Sto cercando non dico di salvare il salvabile, ma di vedere se ci possa mai essere qualcosa ancora da salvare. Prima di buttare a mare definitivamente il PD (partito che da diverso tempo non voto più) mi sembra infatti doveroso trovare un’alternativa (che allo stato non vedo) e/o fare una paziente individuazione dei presupposti per un recupero. É quello che, magari in modo sconclusionato, ho cercato di fare, mettendo la candidatura di Elly Schlein in discussione sul piano del recupero culturale, storico e sociale e intravedendone garbatamente l’inadeguatezza. Meglio però, tutto sommato e minimalisticamente parlando, mettere alla prova l’inadeguatezza del “nuovo” che attestarsi sulla riproposizione pedissequa del “vecchio”.

La candidatura alla guida della sinistra di questa giovane donna, non malata di protagonismo ma semmai di ingenuo entusiasmo, ha almeno, senza alcun dubbio, il merito di far discutere, di avviare un dibattito, di evitare il rischio dell’arrivo di un personaggio della nomenclatura che metta a posto tutto, vale a dire niente.

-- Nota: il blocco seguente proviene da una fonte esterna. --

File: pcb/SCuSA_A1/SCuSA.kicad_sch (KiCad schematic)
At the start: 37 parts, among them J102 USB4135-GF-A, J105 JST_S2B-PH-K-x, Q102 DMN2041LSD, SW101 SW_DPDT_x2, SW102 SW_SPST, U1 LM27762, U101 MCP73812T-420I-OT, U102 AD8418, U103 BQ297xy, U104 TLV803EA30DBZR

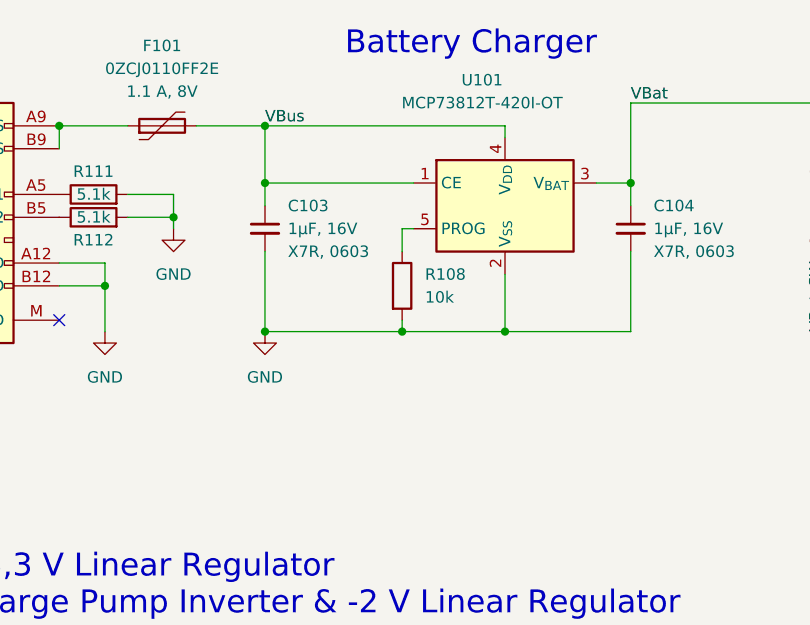
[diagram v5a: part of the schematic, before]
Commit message: Change battery charger
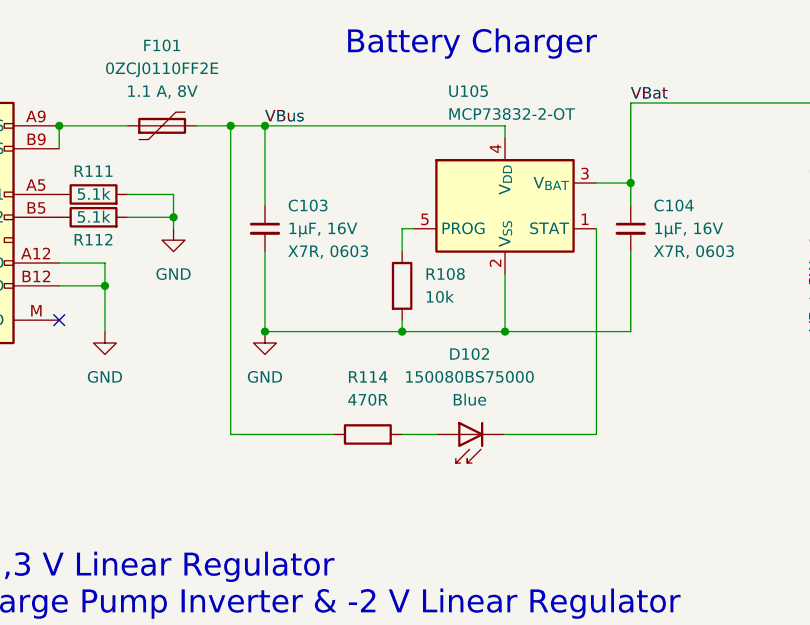
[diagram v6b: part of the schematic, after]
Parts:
- removed U101: MCP73812T-420I-OT, Package_TO_SOT_SMD:SOT-23-5, symbol Battery_Management:MCP73812T-420I-OT
- added D102: 150080BS75000, LED_SMD:LED_0805_2012Metric_Pad1.15x1.40mm_HandSolder, symbol LED_User:150080BS75000
- added R114: 470R,0603, Resistor_SMD:R_0603_1608Metric_Pad0.98x0.95mm_HandSolder, symbol Resistor_User:470R,0603
- added U105: MCP73832-2-OT, Package_TO_SOT_SMD:SOT-23-5, symbol Battery_Management:MCP73832-2-OT
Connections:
- net GND: now also U105.2 (V_{SS})
- net VBat: now also U105.3 (V_{BAT})
- net VBus: now also R114.1, U105.4 (V_{DD})
- net at R108.1: now also U105.5 (PROG)
- new net: D102.2 (A), R114.2
- new net: D102.1 (K), U105.1 (STAT)
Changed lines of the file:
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@@
   (junction (at 52.07 45.72) (diameter 0) (color 0 0 0 0)
   )
-  (junction (at 69.85 34.29) (diameter 0) (color 0 0 0 0)
-  )
   (junction (at 96.52 50.8) (diameter 0) (color 0 0 0 0)
   )
@@
   )
   (junction (at 236.22 27.94) (diameter 0) (color 0 0 0 0)
+  )
+  (junction (at 66.04 27.94) (diameter 0) (color 0 0 0 0)
   )
   (no_connect (at 46.99 49.53))
@@
     (stroke (width 0) (type default))
   )
-  (wire (pts (xy 69.85 36.83) (xy 69.85 34.29))
+  (wire (pts (xy 69.85 27.94) (xy 69.85 36.83))
     (stroke (width 0) (type default))
   )
@@
     (stroke (width 0) (type default))
   )
+  (wire (pts (xy 106.68 62.23) (xy 96.52 62.23))
+    (stroke (width 0) (type default))
+  )
   (wire (pts (xy 171.45 91.44) (xy 171.45 93.98))
     (stroke (width 0) (type default))
@@
     (stroke (width 0) (type default))
   )
-  (wire (pts (xy 96.52 29.21) (xy 96.52 27.94))
-    (stroke (width 0) (type default))
-  )
   (wire (pts (xy 236.22 41.91) (xy 236.22 38.1))
     (stroke (width 0) (type default))
@@
     (stroke (width 0) (type default))
   )
-  (wire (pts (xy 69.85 27.94) (xy 69.85 34.29))
-    (stroke (width 0) (type default))
-  )
   (wire (pts (xy 48.26 113.03) (xy 57.15 113.03))
     (stroke (width 0) (type default))
@@
     (stroke (width 0) (type default))
   )
+  (wire (pts (xy 106.68 39.37) (xy 106.68 62.23))
+    (stroke (width 0) (type default))
+  )
   (wire (pts (xy 251.46 52.07) (xy 236.22 52.07))
     (stroke (width 0) (type default))
@@
     (stroke (width 0) (type default))
   )
+  (wire (pts (xy 66.04 27.94) (xy 69.85 27.94))
+    (stroke (width 0) (type default))
+  )
   (wire (pts (xy 241.3 113.03) (xy 241.3 135.89))
     (stroke (width 0) (type default))
@@
     (stroke (width 0) (type default))
   )
+  (wire (pts (xy 96.52 27.94) (xy 96.52 29.21))
+    (stroke (width 0) (type default))
+  )
   (wire (pts (xy 69.85 50.8) (xy 85.09 50.8))
     (stroke (width 0) (type default))
@@
     (stroke (width 0) (type default))
   )
-  (wire (pts (xy 62.23 27.94) (xy 69.85 27.94))
+  (wire (pts (xy 62.23 27.94) (xy 66.04 27.94))
     (stroke (width 0) (type default))
   )
@@
     (stroke (width 0) (type default))
   )
+  (wire (pts (xy 66.04 62.23) (xy 66.04 27.94))
+    (stroke (width 0) (type default))
+  )
   (wire (pts (xy 190.5 43.18) (xy 190.5 44.45))
     (stroke (width 0) (type default))
@@
     (stroke (width 0) (type default))
   )
+  (wire (pts (xy 77.47 62.23) (xy 66.04 62.23))
+    (stroke (width 0) (type default))
+  )
   (wire (pts (xy 251.46 30.48) (xy 251.46 52.07))
     (stroke (width 0) (type default))
@@
     (stroke (width 0) (type default))
   )
-  (wire (pts (xy 69.85 34.29) (xy 86.36 34.29))
-    (stroke (width 0) (type default))
-  )
   (wire (pts (xy 90.17 135.89) (xy 90.17 138.43))
     (stroke (width 0) (type default))
   )
   (wire (pts (xy 106.68 34.29) (xy 110.49 34.29))
+    (stroke (width 0) (type default))
+  )
+  (wire (pts (xy 88.9 62.23) (xy 85.09 62.23))
     (stroke (width 0) (type default))
   )
@@
     )
   )
-  (symbol (lib_id "Battery_Management:MCP73812T-420I-OT") (at 96.52 36.83 0) (unit 1)
-    (in_bom yes) (on_board yes) (dnp no)
-    (property "Reference" "U101" (at 93.98 22.86 0)
-      (effects (font (size 1.27 1.27)))
-    )
-    (property "Value" "MCP73812T-420I-OT" (at 93.98 25.4 0)
-      (effects (font (size 1.27 1.27)))
-    )
-    (property "Footprint" "Package_TO_SOT_SMD:SOT-23-5" (at 97.79 43.18 0)
-      (effects (font (size 1.27 1.27)) (justify left) hide)
-    )
-    (property "Datasheet" "http://ww1.microchip.com/downloads/en/DeviceDoc/22036b.pdf" (at 90.17 30.48 0)
-      (effects (font (size 1.27 1.27)) hide)
-    )
-    (pin "1")
-    (pin "2")
-    (pin "3")
-    (pin "4")
-    (pin "5")
-    (instances
-      (project "SCuSA"
-        (path "/7c524ebf-103a-4dc7-9ca9-e5a941b364b9"
-          (reference "U101") (unit 1)
-        )
-      )
-    )
-  )
   (symbol (lib_id "Switch:SW_DPDT_x2") (at 241.3 140.97 270) (unit 2)
     (in_bom yes) (on_board yes) (dnp no) (fields_autoplaced)
@@
         (path "/7c524ebf-103a-4dc7-9ca9-e5a941b364b9"
           (reference "JP102") (unit 1)
+        )
+      )
+    )
+  )
+  (symbol (lib_id "Resistor_User:470R,0603") (at 81.28 62.23 90) (unit 1)
+    (in_bom yes) (on_board yes) (dnp no) (fields_autoplaced)
+    (property "Reference" "R114" (at 81.28 55.88 90)
+      (effects (font (size 1.27 1.27)))
+    )
+    (property "Value" "470R,0603" (at 78.74 60.325 0)
+      (effects (font (size 1.27 1.27)) (justify left) hide)
+    )
+    (property "Footprint" "Resistor_SMD:R_0603_1608Metric_Pad0.98x0.95mm_HandSolder" (at 91.44 59.69 0)
+      (effects (font (size 1.27 1.27)) hide)
+    )
+    (property "Datasheet" "~" (at 85.725 59.69 0)
+      (effects (font (size 1.27 1.27)) hide)
+    )
+    (property "Resistance" "470R" (at 81.28 58.42 90)
+      (effects (font (size 1.27 1.27)))
+    )
+    (property "Tolerance" "1%" (at 81.28 57.15 0)
+      (effects (font (size 1.27 1.27)) (justify left) hide)
+    )
+    (property "Power" "0.1W" (at 81.28 51.435 0)
+      (effects (font (size 1.27 1.27)) hide)
+    )
+    (property "Package" "0603" (at 83.82 57.785 0)
+      (effects (font (size 1.27 1.27)) hide)
+    )
+    (pin "1")
+    (pin "2")
+    (instances
+      (project "SCuSA"
+        (path "/7c524ebf-103a-4dc7-9ca9-e5a941b364b9"
+          (reference "R114") (unit 1)
         )
       )
@@
     )
   )
+  (symbol (lib_id "LED_User:150080BS75000") (at 91.44 62.23 180) (unit 1)
+    (in_bom yes) (on_board yes) (dnp no) (fields_autoplaced)
+    (property "Reference" "D102" (at 92.583 53.34 0)
+      (effects (font (size 1.27 1.27)))
+    )
+    (property "Value" "150080BS75000" (at 92.583 55.88 0)
+      (effects (font (size 1.27 1.27)))
+    )
+    (property "Footprint" "LED_SMD:LED_0805_2012Metric_Pad1.15x1.40mm_HandSolder" (at 91.44 66.675 0)
+      (effects (font (size 1.27 1.27)) hide)
+    )
+    (property "Datasheet" "https://www.we-online.com/katalog/datasheet/150080BS75000.pdf" (at 92.71 62.23 0)
+      (effects (font (size 1.27 1.27)) hide)
+    )
+    (property "Manufacturer" "Wurth Elektronik" (at 104.14 54.61 0)
+      (effects (font (size 1.27 1.27)) (justify left) hide)
+    )
+    (property "Supplier" "Digi-Key" (at 104.14 52.07 0)
+      (effects (font (size 1.27 1.27)) (justify left) hide)
+    )
+    (property "SPN" "732-4982-1-ND" (at 93.98 52.07 0)
+      (effects (font (size 1.27 1.27)) (justify left) hide)
+    )
+    (property "Info" "Blue" (at 92.583 58.42 0)
+      (effects (font (size 1.27 1.27)))
+    )
+    (pin "1")
+    (pin "2")
+    (instances
+      (project "SCuSA"
+        (path "/7c524ebf-103a-4dc7-9ca9-e5a941b364b9"
+          (reference "D102") (unit 1)
+        )
+      )
+    )
+  )
   (symbol (lib_id "Resistor_User:120k,0603") (at 90.17 109.22 0) (unit 1)
     (in_bom yes) (on_board yes) (dnp no) (fields_autoplaced)
@@
         )
       )
+    )
+  )
+  (symbol (lib_id "Battery_Management:MCP73832-2-OT") (at 96.52 36.83 0) (unit 1)
+    (in_bom yes) (on_board yes) (dnp no)
+    (property "Reference" "U105" (at 90.17 24.13 0)
+      (effects (font (size 1.27 1.27)) (justify left))
+    )
+    (property "Value" "MCP73832-2-OT" (at 90.17 26.67 0)
+      (effects (font (size 1.27 1.27)) (justify left))
+    )
+    (property "Footprint" "Package_TO_SOT_SMD:SOT-23-5" (at 97.79 43.18 0)
+      (effects (font (size 1.27 1.27) italic) (justify left) hide)
+    )
+    (property "Datasheet" "http://ww1.microchip.com/downloads/en/DeviceDoc/20001984g.pdf" (at 92.71 38.1 0)
+      (effects (font (size 1.27 1.27)) hide)
+    )
+    (pin "1")
+    (pin "2")
+    (pin "3")
+    (pin "4")
+    (pin "5")
+    (instances
+      (project "SCuSA"
+        (path "/7c524ebf-103a-4dc7-9ca9-e5a941b364b9"
+          (reference "U105") (unit 1)
+        )
+      )

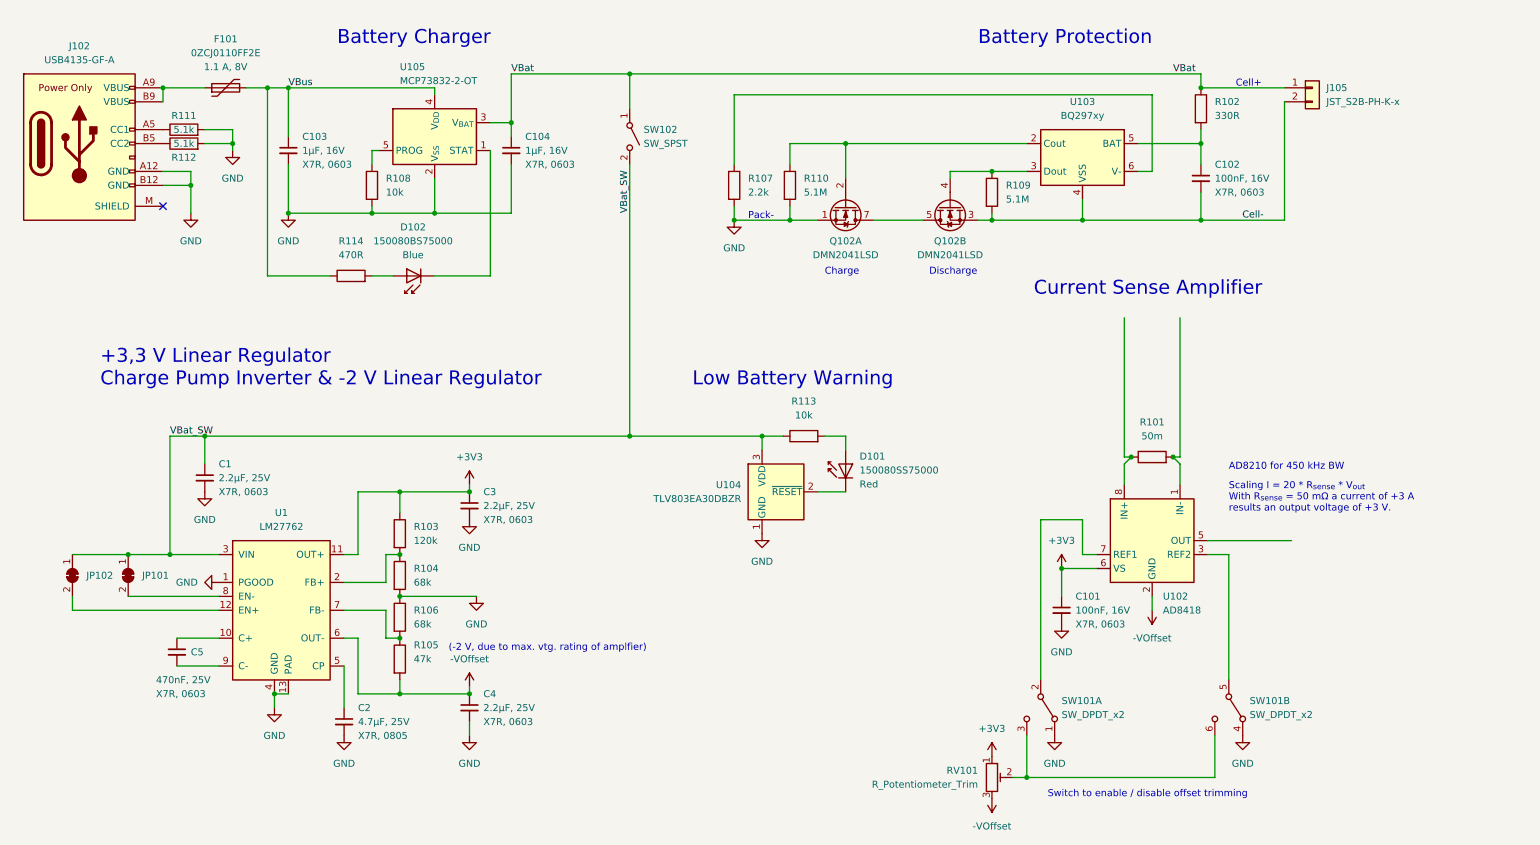
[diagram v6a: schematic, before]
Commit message: Add trimpot, bindingpost
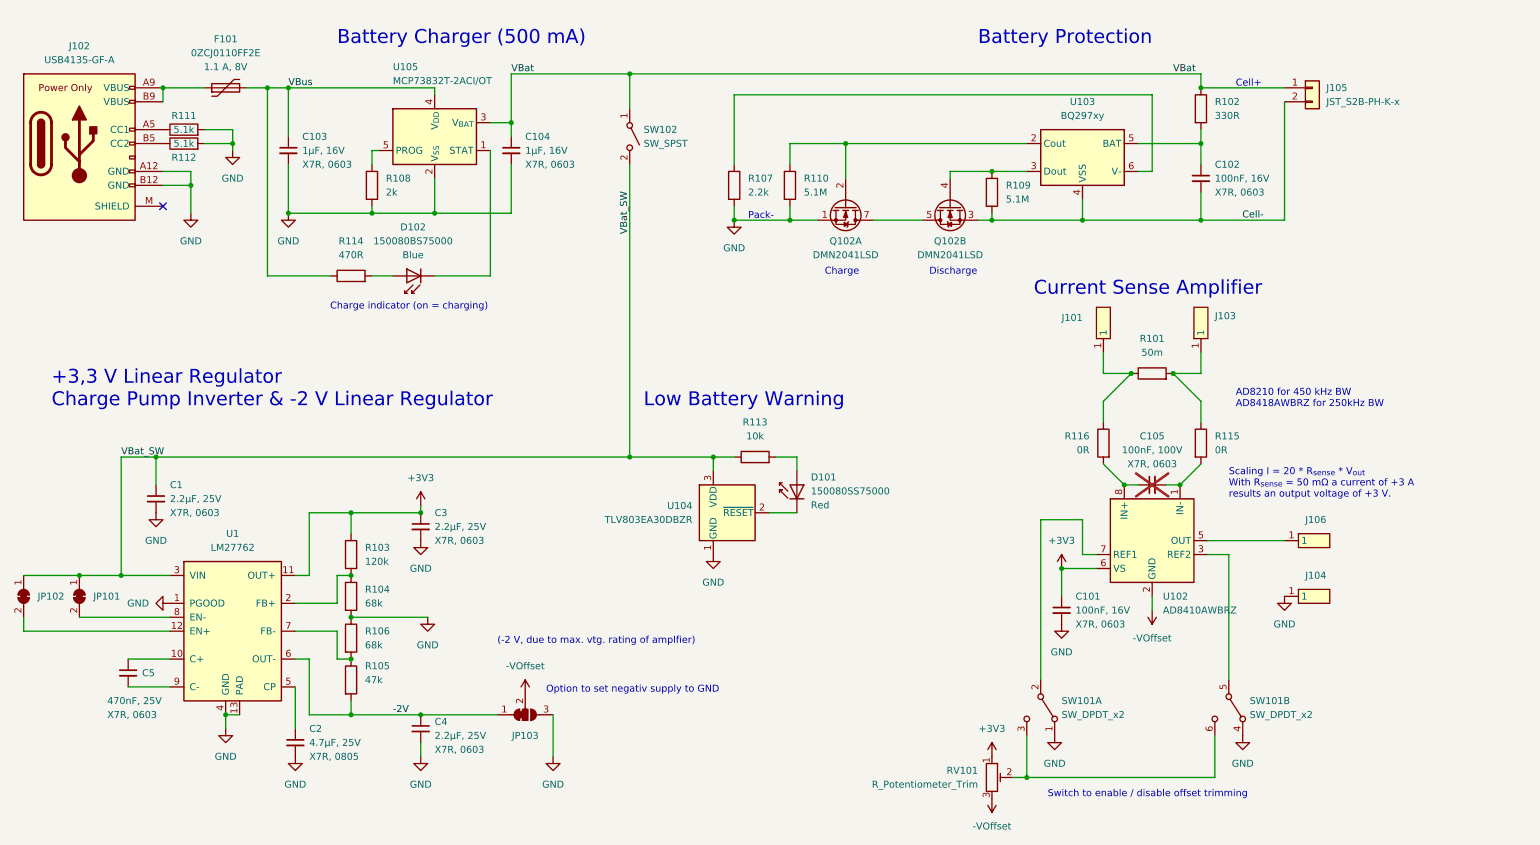
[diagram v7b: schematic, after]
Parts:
- removed R108: 10k,0603, Resistor_SMD:R_0603_1608Metric_Pad0.98x0.95mm_HandSolder, symbol Resistor_User:10k,0603
- added C105: 100nF,100V,X7R,0603, Capacitor_SMD:C_0603_1608Metric_Pad1.08x0.95mm_HandSolder, symbol Capacitor_User:100nF,100V,X7R,0603
- added J101, J106: Binding_Post_PK4_Red, Connector_User:Binding_Post_4.3mm_M4_DIN965_Pad, symbol Connector_User:Binding_Post_PK4_Red
- added J103, J104: Binding_Post_PK4_Black, Connector_User:Binding_Post_4.3mm_M4_DIN965_Pad, symbol Connector_User:Binding_Post_PK4_Black
- added JP103: SolderJumper_3_Bridged12, symbol Jumper:SolderJumper_3_Bridged12
- added R108: 2k,0603, Resistor_SMD:R_0603_1608Metric_Pad0.98x0.95mm_HandSolder, symbol Resistor_User:2k,0603
- added R115, R116: 0R,0603, Resistor_SMD:R_0603_1608Metric_Pad0.98x0.95mm_HandSolder, symbol Resistor_User:0R,0603
- U102: value AD8418 -> AD8410AWBRZ; footprint (none) -> Package_SO:SOIC-8_3.9x4.9mm_P1.27mm; SPN (none) -> 505-AD8410AWBRZ-ND; Supplier (none) -> Digi-Key
- U105: value MCP73832-2-OT -> MCP73832T-2ACI/OT; SPN (none) -> MCP73832T-2ACI/OTCT-ND; Supplier (none) -> Digi-Key
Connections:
- net GND: now also J104.1, JP103.3 (B), R108.2
- net at U102.1 (IN-): now also C105.2, R115.2; no longer R101.2
- net at U102.5 (OUT): now also J106.1
- net at U102.8 (IN+): now also C105.1, R116.2; no longer R101.1
- net at U105.5 (PROG): now also R108.1
- net -2V: now reaches C4.1, R105.2, U1.6 (OUT-)
- net -2V: now also JP103.1 (A)
- new net: J103.1, R101.2, R115.1
- new net: J101.1, R101.1, R116.1
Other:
- note added: "AD8210 for 450 kHz BW AD8418AWBRZ for 250kHz BW"
- note added: "Battery Charger (500 mA)"
- note added: "Charge indicator (on = charging)"
- note added: "Option to set negativ supply to GND"
- note removed: "AD8210 for 450 kHz BW"
- note removed: "Battery Charger"
- moved on the sheet: C1, C2, C3, C4, C5, D101, JP101, JP102, R101, R103, R104, R105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

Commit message: Completion of schematic (for now)
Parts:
- removed SW101: SW_DPDT_x2, symbol Switch:SW_DPDT_x2
- removed SW102: SW_SPST, symbol Switch:SW_SPST
- added C109, C111: 100nF,100V,X7R,0603, Capacitor_SMD:C_0603_1608Metric_Pad1.08x0.95mm_HandSolder, symbol Capacitor_User:100nF,100V,X7R,0603
- added D103: 150080SS75000, LED_SMD:LED_0805_2012Metric_Pad1.15x1.40mm_HandSolder, symbol LED_User:150080SS75000
- added R117: 10k,0603, Resistor_SMD:R_0603_1608Metric_Pad0.98x0.95mm_HandSolder, symbol Resistor_User:10k,0603
- added SW101, SW102: JS202011CQN, Button_Switch_THT:SW_CuK_JS202011CQN_DPDT_Straight, symbol Switch_User:Slide_Switch_JS202011CQN
- JP101: renamed from JP102; footprint (none) -> Jumper:SolderJumper-2_P1.3mm_Bridged_Pad1.0x1.5mm
- JP102: renamed from JP101; footprint (none) -> Jumper:SolderJumper-2_P1.3mm_Bridged_Pad1.0x1.5mm
- JP103: footprint (none) -> Jumper:SolderJumper-3_P1.3mm_Bridged12_Pad1.0x1.5mm_NumberLabels
- R114: renamed from R101; footprint (none) -> Resistor_SMD:R_1206_3216Metric; symbol Device:R -> Resistor_User:50m,1206; Package (none) -> 1206; Power (none) -> 1W; Resistance (none) -> 50m; Tolerance (none) -> 0.5%
- RV101: value R_Potentiometer_Trim -> 10k_Potentiometer_Trim_TSR-3296W; footprint (none) -> Potentionmeter_THT_User:Potentiometer_Suntan_3296W_Vertical; symbol Device:R_Potentiometer_Trim -> Resistor_User:10k_Potentiometer_Trim_TSR-3296W; MPN (none) -> TSR-3296W; Manufacturer (none) -> Suntan; SPN (none) -> 64W-10K; Supplier (none) -> Reichelt
- renumbered C103 to C101, C104 to C102, C102 to C103, C1 to C104, C3 to C105, C5 to C106, C4 to C107, C2 to C108, C105 to C110, C101 to C112, D102 to D101, D101 to D102, J102 to J101, J105 to J102, J101 to J103, J103 to J104, J106 to J105, J104 to J106, Q102 to Q101, R111 to R101, R112 to R102, R108 to R103, R114 to R104, R102 to R105, R107 to R106, R110 to R107, R109 to R108, R113 to R109, R103 to R110, R104 to R111, R106 to R112, R105 to R113, R116 to R115, R115 to R116, U105 to U101, U103 to U102, U104 to U103, U1 to U104, U102 to U105
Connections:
- net GND: now also C109.1, C111.2, D103.1 (K), SW102.1 (A), SW102.4 (A); no longer U104.1 (PGOOD)
- net VBat: now also SW101.1 (A), SW101.4 (A)
- net VBat_SW: now also R117.2, SW101.2 (B), SW101.5 (B)
- net at C110.2, R116.2, U105.1 (IN-): now also C111.1
- net -VOffset: now reaches U105.2 (GND)
- net -VOffset: now also JP103.2 (C), RV101.3
- net at U105.3 (REF2): now also SW102.5 (B)
- net at U105.7 (REF1): now also SW102.2 (B)
- net at C110.1, R115.2, U105.8 (IN+): now also C109.2
- net at RV101.2: now also SW102.3 (C), SW102.6 (C)
- new net PGOOD: D103.2 (A), R117.1, U104.1 (PGOOD)
- no-connect marks 1 -> 3
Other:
- note added: "(Cell+)"
- note added: "(Pack-)"
- note added: "Power Fail LED"
- note removed: "Cell+"
- note removed: "Pack-"
- moved on the sheet: C104, C105, C106, C107, C108, F101, J105, J106, JP101, JP102, JP103, Q101A

Elly Schlein non mi convince affatto, non mi pare adeguata, però prima di buttarla a mare vorrei esaminarla, proseguendo la prova finestra sui tre punti che mi sono sforzato di individuare: il pluralismo culturale, la rivisitazione critica della storia passata e l’apertura verso un nuovo assetto sociale.

Non conosco il personaggio Schlein: l’umiltà l’ho vista solo nelle parole con cui si è presentata al varco. Per il resto può darsi che sia ben diversa rispetto ad una prima superficiale impressione. Qualcuno, che la sa molto più lunga di me, la teme borghesemente arrogante, culturalmente integralista e politicamente egoista. Se fosse così… Si sarà montata la testa? Può darsi benissimo! Ad un insopportabile pavone preferisco comunque una gallinella ruspante tendente magari alla tacchinella.  Siamo messi proprio bene…nel pollaio PD.